Studies of the effect of Helicobacter pylori (Hp) – related immune reactions in Experimental Autoimmune Encephalomyelitis
Existing evidence from epidemiological studies highlight numerous infections as potential environmental MS triggers; infection can prime autoimmune T cells specific for CNS antigens, if the pathogen has molecular mimicry with CNS proteins. Several pathogens have been under investigation, including Epstein-Barr virus, Chlamydia pneumoniae and Human Herpes Virus-6.

Helicobacter pylori (Hp), a spiral gram-negative bacterium that colonizes human gastric mucosa, has recently also been linked to a number of central and peripheral nervous system disorders. Hp has long been described to induce gastrointestinal disease by means of molecular mimicry. However, the concept of a role of Hp infection in MS is based on a rather limited number of clinical studies yet lacking the support from experimental studies investigating the relative effect of Hp systemic immunization.

In our Laboratory, in collaboration with the group of Dr. D. Sgouras in the Hellenic Pasteur Institute in Athens and Professor I. Kountouras group at the Aristotle University, worldwide known for their work on the Hp-neurodegeneration relationship, we currently study the hypothesis whether Hp modifies immunological reaction in mice with EAE.

Studies of Altered Peptide Ligands in Experimental Autoimmune Encephalomyelitis (Patent protected)

Experimental Autoimmune Encephalomyelitis (EAE) is an experimental model of demyelination, inflammatory processes and axonopathy within the Central Nervous System (CNS) of susceptible animals, using the triggering of various CNS antigens such as MBP, PLP and MOG proteins or their peptides. EAE is induced to susceptible animals using linear peptides (antigens) of myelin proteins of the CNS. The ability of these peptides to trigger immune reactions is in great extent determined by the properties of the MHC-II haplotype of the animal. In other words, specific peptide motifs within the antigen-binding groove of the MHC complex determine the affinity of the antigen in each animal and the consequent T-cell receptor (TCR) matching and activation of the cell. This MHC-antigen-TCR trimolecular complex is the key step to induce EAE with antigenic peptides and is possibly a key factor to MS immune-pathology as well. Thus, any modification to the antigenic peptide and any caused deviation from a tight MHC-antigen-TCR match can lead to reduced T-cell activation and different profiles of secreted cytokines afterwards.

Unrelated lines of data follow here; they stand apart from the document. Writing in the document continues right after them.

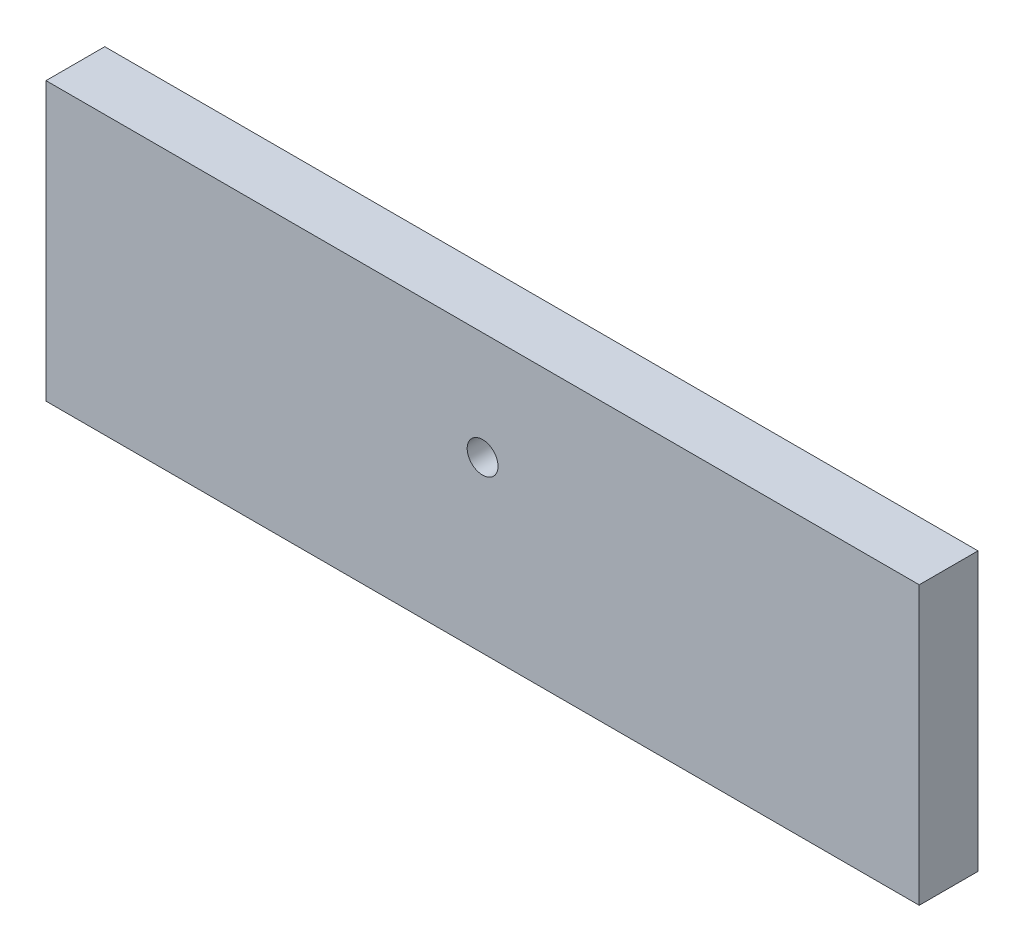
from build123d import *

# Parameters (mm, degrees)
SKETCH1_W           = 283.1
SKETCH1_H           = 90
BOSS_EXTRUDE1_DEPTH = 19.05
SKETCH2_R           = 5
CUT_EXTRUDE1_DEPTH  = 169.817371736


with BuildPart() as part:
    # Sketch1 → Boss-Extrude1 (new body)
    with BuildSketch(Plane.XY):
        with Locations((0, 45)):
            Rectangle(SKETCH1_W, SKETCH1_H)
    extrude(amount=BOSS_EXTRUDE1_DEPTH)

    # Sketch2 → Cut-Extrude1 (cut, through all)
    with BuildSketch(Plane.XY.offset(19.05)):
        with Locations((0, 55)):
            Circle(SKETCH2_R)
    extrude(amount=-CUT_EXTRUDE1_DEPTH, mode=Mode.SUBTRACT)


solid = part.part

Based on this concept, there have been several attempts to alter the trimolecular complex affinities and render autoreactive T-cells in MS and EAE inactive or eliminated. This concept is known as “Altered Peptide Ligand” (APL) immunomodulation.

In our Laboratory, in collaboration with the Chemical Department of Patra’s University (group of Prof. J. Matsoukas), we used a rather “different” APL therapeutic approach to ameliorate EAE in C57/bl mice. Prof. Matsoukas’ group have synthesized the MOG35-55 peptide and altered its 3-dimensional conformation to make it a cyclic one, thus rendering it less encephalitogenic and potentially immunomodulating EAE.